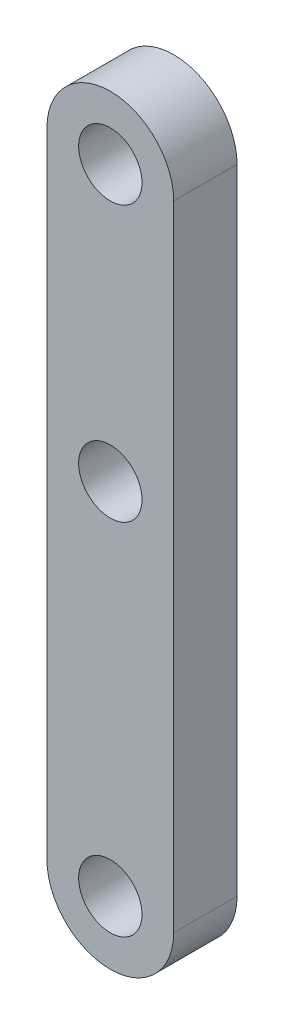
from build123d import *

# Parameters (mm, degrees)
SKETCH_1_R      = 1.5
EXTRUDE_1_DEPTH = 3


with BuildPart() as part:
    # ｽｹｯﾁ1 → ﾎﾞｽ - 押し出し1 (new body)
    with BuildSketch(Plane.XY):
        with BuildLine():
            Line((-3, 0), (-3, -30))
            ThreePointArc((-3, -30), (0, -33), (3, -30))
            Line((3, -30), (3, -12))
            Line((3, -12), (3, -8))
            Line((3, -8), (3, 0))
            ThreePointArc((3, 0), (0, 3), (-3, 0))
        make_face()
        Circle(SKETCH_1_R, mode=Mode.SUBTRACT)
        with Locations((0, -30)):
            Circle(SKETCH_1_R, mode=Mode.SUBTRACT)
        with Locations((0, -13)):
            Circle(SKETCH_1_R, mode=Mode.SUBTRACT)
    extrude(amount=EXTRUDE_1_DEPTH)


solid = part.part
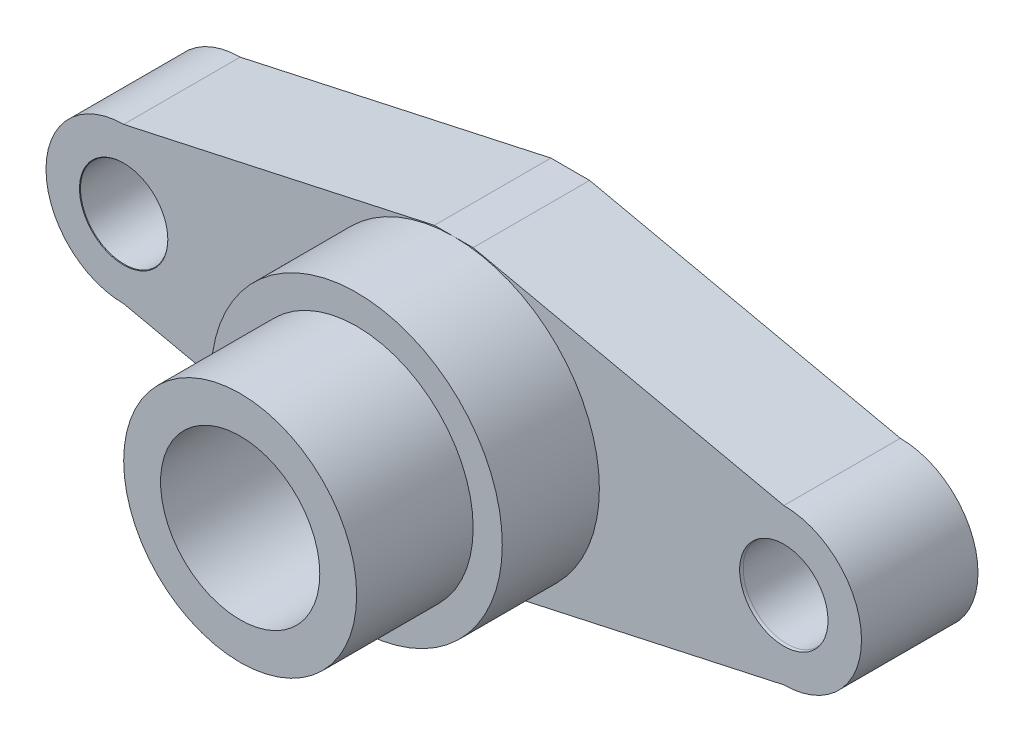
from build123d import *

# Parameters (mm, degrees)
BOSS_EXTRUDE1_DEPTH            = 6
BOSS_EXTRUDE2_DEPTH            = 5
BOSS_EXTRUDE2_DEPTH_BACK       = 6
SKETCH2_R                      = 7.5
SKETCH3_R                      = 6
BOSS_EXTRUDE3_DEPTH            = 6
SKETCH4_R                      = 4.1
CUT_EXTRUDE1_DEPTH             = 14
M4_CLEARANCE_HOLE1_D           = 4.5
M4_CLEARANCE_HOLE1_CSINK_D     = 4.55
M4_CLEARANCE_HOLE1_CSINK_ANGLE = 90
FILLET4_R                      = 0.5


with BuildPart() as part:
    # Sketch1 → Boss-Extrude1 (new body)
    with BuildSketch(Plane.XY):
        with BuildLine():
            Line((17, 4), (0.996565203, 7.5))
            Line((0.996565203, 7.5), (-0.996565203, 7.5))
            Line((-0.996565203, 7.5), (-17, 4))
            ThreePointArc((-17, 4), (-21, 0), (-17, -4))
            Line((-17, -4), (-0.996565203, -7.5))
            Line((-0.996565203, -7.5), (0.996565203, -7.5))
            Line((0.996565203, -7.5), (17, -4))
            ThreePointArc((17, -4), (21, 0), (17, 4))
        make_face()
    extrude(amount=BOSS_EXTRUDE1_DEPTH)

    # Sketch2 → Boss-Extrude2 (add, two sides: drawn at the far end of the back side and taken through both)
    with BuildSketch(Plane.XY.offset(6).offset(-BOSS_EXTRUDE2_DEPTH_BACK)):
        Circle(SKETCH2_R)
    extrude(amount=BOSS_EXTRUDE2_DEPTH + BOSS_EXTRUDE2_DEPTH_BACK)

    # Sketch3 → Boss-Extrude3 (add)
    with BuildSketch(Plane.XY.offset(11)):
        Circle(SKETCH3_R)
    extrude(amount=BOSS_EXTRUDE3_DEPTH)

    # Sketch4 → Cut-Extrude1 (cut)
    with BuildSketch(Plane.XY.offset(17)):
        Circle(SKETCH4_R)
    extrude(amount=-CUT_EXTRUDE1_DEPTH, mode=Mode.SUBTRACT)

    # M4 Clearance Hole1 (through all)
    with Locations(Plane(origin=(17, 0, 6), x_dir=(1, 0, 0), z_dir=(0, 0, 1))):
        with Locations((0, 0), (-34, 0)):
            CounterSinkHole(M4_CLEARANCE_HOLE1_D / 2, M4_CLEARANCE_HOLE1_CSINK_D / 2, counter_sink_angle=M4_CLEARANCE_HOLE1_CSINK_ANGLE)

    # Fillet4
    # the kernel refuses this fillet: 0.5 mm, written as the material it takes off along each edge
    with BuildSketch(Plane(origin=(17, 0, 5.975), x_dir=(-1, 0, 0), z_dir=(0, -1, 0))) as fillet4_piece_1:
        with BuildLine():
            CenterArc((2.75, 0.13112495), FILLET4_R, 180, 18.194872339)
            Line((2.25, 0.13112495), (2.24, 0.13112495))
            Line((2.24, 0.13112495), (2.24, 0))
            Line((2.24, 0), (2.242928932, -0.007071068))
            ThreePointArc((2.242928932, -0.007071068), (2.255428932, -0.019571068), (2.2655, -0.028122499))
            Line((2.2655, -0.028122499), (2.275, -0.025))
        make_face()
    revolve(axis=Axis((17, 0, 5.975), (0, 0, -1)), mode=Mode.SUBTRACT)


solid = part.part

• • • • • • •

What you should do: Leaving out any pictures, write the records above out exactly as they are.

Answer for the task:
from build123d import *

# Parameters (mm, degrees)
SKETCH_1_R      = 1.5
EXTRUDE_1_DEPTH = 3


with BuildPart() as part:
    # ｽｹｯﾁ1 → ﾎﾞｽ - 押し出し1 (new body)
    with BuildSketch(Plane.XY):
        with BuildLine():
            Line((-3, 0), (-3, -30))
            ThreePointArc((-3, -30), (0, -33), (3, -30))
            Line((3, -30), (3, -12))
            Line((3, -12), (3, -8))
            Line((3, -8), (3, 0))
            ThreePointArc((3, 0), (0, 3), (-3, 0))
        make_face()
        Circle(SKETCH_1_R, mode=Mode.SUBTRACT)
        with Locations((0, -30)):
            Circle(SKETCH_1_R, mode=Mode.SUBTRACT)
        with Locations((0, -13)):
            Circle(SKETCH_1_R, mode=Mode.SUBTRACT)
    extrude(amount=EXTRUDE_1_DEPTH)


solid = part.part
from build123d import *

# Parameters (mm, degrees)
BOSS_EXTRUDE1_DEPTH            = 6
BOSS_EXTRUDE2_DEPTH            = 5
BOSS_EXTRUDE2_DEPTH_BACK       = 6
SKETCH2_R                      = 7.5
SKETCH3_R                      = 6
BOSS_EXTRUDE3_DEPTH            = 6
SKETCH4_R                      = 4.1
CUT_EXTRUDE1_DEPTH             = 14
M4_CLEARANCE_HOLE1_D           = 4.5
M4_CLEARANCE_HOLE1_CSINK_D     = 4.55
M4_CLEARANCE_HOLE1_CSINK_ANGLE = 90
FILLET4_R                      = 0.5


with BuildPart() as part:
    # Sketch1 → Boss-Extrude1 (new body)
    with BuildSketch(Plane.XY):
        with BuildLine():
            Line((17, 4), (0.996565203, 7.5))
            Line((0.996565203, 7.5), (-0.996565203, 7.5))
            Line((-0.996565203, 7.5), (-17, 4))
            ThreePointArc((-17, 4), (-21, 0), (-17, -4))
            Line((-17, -4), (-0.996565203, -7.5))
            Line((-0.996565203, -7.5), (0.996565203, -7.5))
            Line((0.996565203, -7.5), (17, -4))
            ThreePointArc((17, -4), (21, 0), (17, 4))
        make_face()
    extrude(amount=BOSS_EXTRUDE1_DEPTH)

    # Sketch2 → Boss-Extrude2 (add, two sides: drawn at the far end of the back side and taken through both)
    with BuildSketch(Plane.XY.offset(6).offset(-BOSS_EXTRUDE2_DEPTH_BACK)):
        Circle(SKETCH2_R)
    extrude(amount=BOSS_EXTRUDE2_DEPTH + BOSS_EXTRUDE2_DEPTH_BACK)

    # Sketch3 → Boss-Extrude3 (add)
    with BuildSketch(Plane.XY.offset(11)):
        Circle(SKETCH3_R)
    extrude(amount=BOSS_EXTRUDE3_DEPTH)

    # Sketch4 → Cut-Extrude1 (cut)
    with BuildSketch(Plane.XY.offset(17)):
        Circle(SKETCH4_R)
    extrude(amount=-CUT_EXTRUDE1_DEPTH, mode=Mode.SUBTRACT)

    # M4 Clearance Hole1 (through all)
    with Locations(Plane(origin=(17, 0, 6), x_dir=(1, 0, 0), z_dir=(0, 0, 1))):
        with Locations((0, 0), (-34, 0)):
            CounterSinkHole(M4_CLEARANCE_HOLE1_D / 2, M4_CLEARANCE_HOLE1_CSINK_D / 2, counter_sink_angle=M4_CLEARANCE_HOLE1_CSINK_ANGLE)

    # Fillet4
    # the kernel refuses this fillet: 0.5 mm, written as the material it takes off along each edge
    with BuildSketch(Plane(origin=(17, 0, 5.975), x_dir=(-1, 0, 0), z_dir=(0, -1, 0))) as fillet4_piece_1:
        with BuildLine():
            CenterArc((2.75, 0.13112495), FILLET4_R, 180, 18.194872339)
            Line((2.25, 0.13112495), (2.24, 0.13112495))
            Line((2.24, 0.13112495), (2.24, 0))
            Line((2.24, 0), (2.242928932, -0.007071068))
            ThreePointArc((2.242928932, -0.007071068), (2.255428932, -0.019571068), (2.2655, -0.028122499))
            Line((2.2655, -0.028122499), (2.275, -0.025))
        make_face()
    revolve(axis=Axis((17, 0, 5.975), (0, 0, -1)), mode=Mode.SUBTRACT)


solid = part.part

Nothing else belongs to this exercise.